=== Exercise instructions ===
Copy the line with "blk = doc.blocks.new('*D89')" and all lines following it through the last line of the entries, exactly as written.

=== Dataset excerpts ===
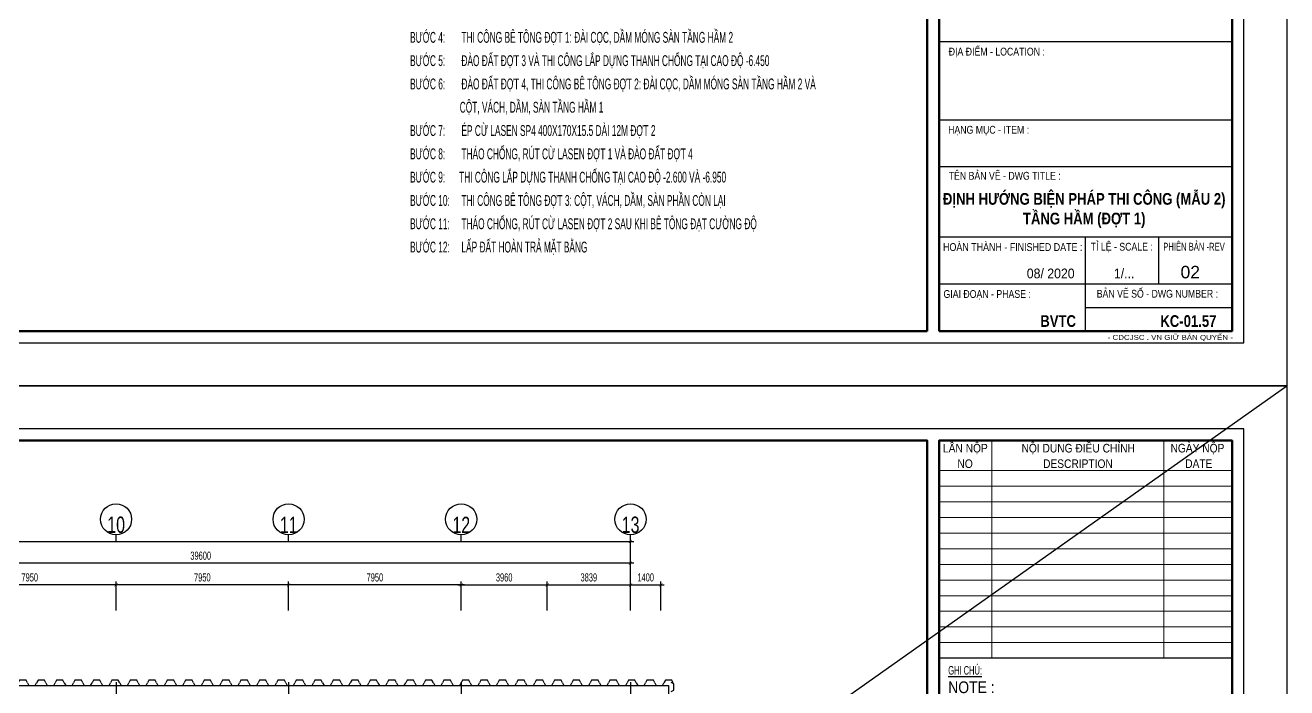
# Model space of a CAD drawing. Extents: x 71 to 3057337, y -14 to 345257.
# Drawn here: x 2999221 to 3057337, y 224436 to 254940 of the extents above; entities that cross this region are included whole.
import ezdxf
from ezdxf.enums import TextEntityAlignment as Align

# ---------------------------------------------------------------- set-up
doc = ezdxf.new("R2010")
doc.units = 0
doc.header["$LTSCALE"] = 1000
doc.header["$MEASUREMENT"] = 0
doc.header["$PDMODE"] = 3
doc.linetypes.add('CENTER2', pattern=[1.125, 0.75, -0.125, 0.125, -0.125])
doc.layers.get('0').update_dxf_attribs({"linetype": 'CONTINUOUS'})
doc.layers.get('Defpoints').update_dxf_attribs({"linetype": 'CONTINUOUS'})
for name, color, linetype in [('03BORDER', 3, 'CONTINUOUS'), ('12CHI', 1, 'CONTINUOUS'), ('CDC -TEXT KHUNG', 7, 'CONTINUOUS'), ('CDC-KHUNGTEN', 7, 'CONTINUOUS'), ('CDC.01.AXIS', 160, 'CENTER2'), ('CDC.02.DIM', 1, 'CONTINUOUS'), ('CDC.05.STEEL', 4, 'CONTINUOUS'), ('CDC.06.TEXT', 2, 'CONTINUOUS'), ('CDC.16.BIGTEXT', 6, 'CONTINUOUS')]:
    doc.layers.add(name, color=color, linetype=linetype)
doc.layers.add('KCS_Plotter', color=11, linetype='CONTINUOUS', plot=False)
doc.styles.add('ARIAL', font='arial.ttf', dxfattribs={"width": 0.6})
doc.styles.add('Arial_4', font='arial.ttf', dxfattribs={"width": 0.75, "height": 3})
doc.styles.add('Arial_B_3', font='arialbd.ttf', dxfattribs={"width": 0.75, "height": 3})
doc.styles.add('KT CDC', font='arial.ttf', dxfattribs={"width": 0.85, "height": 200})
doc.dimstyles.new('D150', dxfattribs={"dimscale": 150, "dimtxt": 2.5, "dimasz": 1, "dimexe": 1, "dimexo": 0, "dimgap": 1, "dimtad": 1, "dimdec": 0, "dimdsep": 46, "dimtxsty": 'ARIAL', "dimblk": 'ARCHTICK', "dimcen": 1, "dimdle": 1, "dimclrd": 1, "dimclre": 1, "dimclrt": 2, "dimadec": 0, "dimazin": 0, "dimtfac": 0.00072, "dimtdec": 0, "dimtix": 1, "dimtmove": 2, "dimatfit": 3, "dimldrblk": 'ARCHTICK', "dimfxl": 1, "dimtolj": 1, "dimlwd": -1, "dimlwe": -1, "dimarcsym": 0})

# ---------------------------------------------------------------- blocks, each defined once
blk = doc.blocks.new('_ARCHTICK')
at = {"color": 0, "linetype": 'ByBlock', "const_width": 0.15}
blk.add_lwpolyline([(-0.5, -0.5), (0.5, 0.5)], dxfattribs=at)
blk = doc.blocks.new('*D73')
at = {"layer": 'CDC.02.DIM', "color": 1, "transparency": 16777216}
for p, q in [((3019454, 229173), (3011204, 229173)), ((3011354, 228000), (3011354, 229323)), ((3019304, 228000), (3019304, 229323))]:
    blk.add_line(p, q, dxfattribs=at)
at = {"layer": 'Defpoints', "color": 0, "transparency": 16777216}
for p in [(3011354, 229173), (3011354, 228000), (3019304, 228000)]:
    blk.add_point(p, dxfattribs=at)
at = {"layer": 'CDC.02.DIM', "color": 1, "transparency": 16777216, "xscale": 150, "yscale": 150, "zscale": 150, "rotation": 180}
blk.add_blockref('_ARCHTICK', (3011354, 229173), dxfattribs=at)
at = {"layer": 'CDC.02.DIM', "color": 1, "transparency": 16777216, "xscale": 150, "yscale": 150, "zscale": 150}
blk.add_blockref('_ARCHTICK', (3019304, 229173), dxfattribs=at)
at = {"layer": 'CDC.02.DIM', "color": 2, "transparency": 16777216, "insert": (3015329, 229515), "char_height": 375, "attachment_point": 5, "style": 'ARIAL'}
blk.add_mtext('\\A1;7950', dxfattribs=at)
blk = doc.blocks.new('*D74')
at = {"layer": 'CDC.02.DIM', "color": 1, "transparency": 16777216}
for p, q in [((3011504, 229173), (3003254, 229173)), ((3003404, 228000), (3003404, 229323)), ((3011354, 228000), (3011354, 229323))]:
    blk.add_line(p, q, dxfattribs=at)
at = {"layer": 'Defpoints', "color": 0, "transparency": 16777216}
for p in [(3003404, 229173), (3003404, 228000), (3011354, 228000)]:
    blk.add_point(p, dxfattribs=at)
at = {"layer": 'CDC.02.DIM', "color": 1, "transparency": 16777216, "xscale": 150, "yscale": 150, "zscale": 150, "rotation": 180}
blk.add_blockref('_ARCHTICK', (3003404, 229173), dxfattribs=at)
at = {"layer": 'CDC.02.DIM', "color": 1, "transparency": 16777216, "xscale": 150, "yscale": 150, "zscale": 150}
blk.add_blockref('_ARCHTICK', (3011354, 229173), dxfattribs=at)
at = {"layer": 'CDC.02.DIM', "color": 2, "transparency": 16777216, "insert": (3007379, 229515), "char_height": 375, "attachment_point": 5, "style": 'ARIAL'}
blk.add_mtext('\\A1;7950', dxfattribs=at)
blk = doc.blocks.new('*D75')
at = {"layer": 'CDC.02.DIM', "color": 1, "transparency": 16777216}
for p, q in [((3003554, 229173), (2995304, 229173)), ((2995454, 228000), (2995454, 229323)), ((3003404, 228000), (3003404, 229323))]:
    blk.add_line(p, q, dxfattribs=at)
at = {"layer": 'Defpoints', "color": 0, "transparency": 16777216}
for p in [(2995454, 229173), (2995454, 228000), (3003404, 228000)]:
    blk.add_point(p, dxfattribs=at)
at = {"layer": 'CDC.02.DIM', "color": 1, "transparency": 16777216, "xscale": 150, "yscale": 150, "zscale": 150, "rotation": 180}
blk.add_blockref('_ARCHTICK', (2995454, 229173), dxfattribs=at)
at = {"layer": 'CDC.02.DIM', "color": 1, "transparency": 16777216, "xscale": 150, "yscale": 150, "zscale": 150}
blk.add_blockref('_ARCHTICK', (3003404, 229173), dxfattribs=at)
at = {"layer": 'CDC.02.DIM', "color": 2, "transparency": 16777216, "insert": (2999429, 229515), "char_height": 375, "attachment_point": 5, "style": 'ARIAL'}
blk.add_mtext('\\A1;7950', dxfattribs=at)
blk = doc.blocks.new('*D77')
at = {"layer": 'CDC.02.DIM', "color": 1, "transparency": 16777216}
for p, q in [((3027254, 230173), (2987354, 230173)), ((2987504, 228000), (2987504, 230323)), ((3027104, 228000), (3027104, 230323))]:
    blk.add_line(p, q, dxfattribs=at)
at = {"layer": 'Defpoints', "color": 0, "transparency": 16777216}
for p in [(2987504, 230173), (2987504, 228000), (3027104, 228000)]:
    blk.add_point(p, dxfattribs=at)
at = {"layer": 'CDC.02.DIM', "color": 1, "transparency": 16777216, "xscale": 150, "yscale": 150, "zscale": 150, "rotation": 180}
blk.add_blockref('_ARCHTICK', (2987504, 230173), dxfattribs=at)
at = {"layer": 'CDC.02.DIM', "color": 1, "transparency": 16777216, "xscale": 150, "yscale": 150, "zscale": 150}
blk.add_blockref('_ARCHTICK', (3027104, 230173), dxfattribs=at)
at = {"layer": 'CDC.02.DIM', "color": 2, "transparency": 16777216, "insert": (3007304, 230515), "char_height": 375, "attachment_point": 5, "style": 'ARIAL'}
blk.add_mtext('\\A1;39600', dxfattribs=at)
blk = doc.blocks.new('*D79')
at = {"layer": 'CDC.02.DIM', "color": 1, "transparency": 16777216}
for p, q in [((2923174, 228000), (2923174, 231323)), ((3027104, 228000), (3027104, 231323)), ((2923024, 231173), (3027254, 231173))]:
    blk.add_line(p, q, dxfattribs=at)
at = {"layer": 'Defpoints', "color": 0, "transparency": 16777216}
for p in [(3027104, 231173), (2923174, 228000), (3027104, 228000)]:
    blk.add_point(p, dxfattribs=at)
at = {"layer": 'CDC.02.DIM', "color": 1, "transparency": 16777216, "xscale": 150, "yscale": 150, "zscale": 150, "rotation": 180}
blk.add_blockref('_ARCHTICK', (2923174, 231173), dxfattribs=at)
at = {"layer": 'CDC.02.DIM', "color": 1, "transparency": 16777216, "xscale": 150, "yscale": 150, "zscale": 150}
blk.add_blockref('_ARCHTICK', (3027104, 231173), dxfattribs=at)
at = {"layer": 'CDC.02.DIM', "color": 2, "transparency": 16777216, "insert": (2975139, 231515), "char_height": 375, "attachment_point": 5, "style": 'ARIAL'}
blk.add_mtext('\\A1;103930', dxfattribs=at)
blk = doc.blocks.new('*D88')
at = {"layer": 'CDC.02.DIM', "color": 1, "transparency": 16777216}
for p, q in [((3019154, 229173), (3023415, 229173)), ((3019304, 228000), (3019304, 229323)), ((3023265, 228000), (3023265, 229323))]:
    blk.add_line(p, q, dxfattribs=at)
at = {"layer": 'Defpoints', "color": 0, "transparency": 16777216}
for p in [(3023265, 229173), (3019304, 228000), (3023265, 228000)]:
    blk.add_point(p, dxfattribs=at)
at = {"layer": 'CDC.02.DIM', "color": 1, "transparency": 16777216, "xscale": 150, "yscale": 150, "zscale": 150, "rotation": 180}
blk.add_blockref('_ARCHTICK', (3019304, 229173), dxfattribs=at)
at = {"layer": 'CDC.02.DIM', "color": 1, "transparency": 16777216, "xscale": 150, "yscale": 150, "zscale": 150}
blk.add_blockref('_ARCHTICK', (3023265, 229173), dxfattribs=at)
at = {"layer": 'CDC.02.DIM', "color": 2, "transparency": 16777216, "insert": (3021285, 229515), "char_height": 375, "attachment_point": 5, "style": 'ARIAL'}
blk.add_mtext('\\A1;3960', dxfattribs=at)
blk = doc.blocks.new('*D89')
at = {"layer": 'CDC.02.DIM', "color": 1, "transparency": 16777216}
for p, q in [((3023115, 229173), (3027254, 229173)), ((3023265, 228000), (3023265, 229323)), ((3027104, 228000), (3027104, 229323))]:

=== Your solution ===
blk = doc.blocks.new('*D89')
at = {"layer": 'CDC.02.DIM', "color": 1, "transparency": 16777216}
for p, q in [((3023115, 229173), (3027254, 229173)), ((3023265, 228000), (3023265, 229323)), ((3027104, 228000), (3027104, 229323))]:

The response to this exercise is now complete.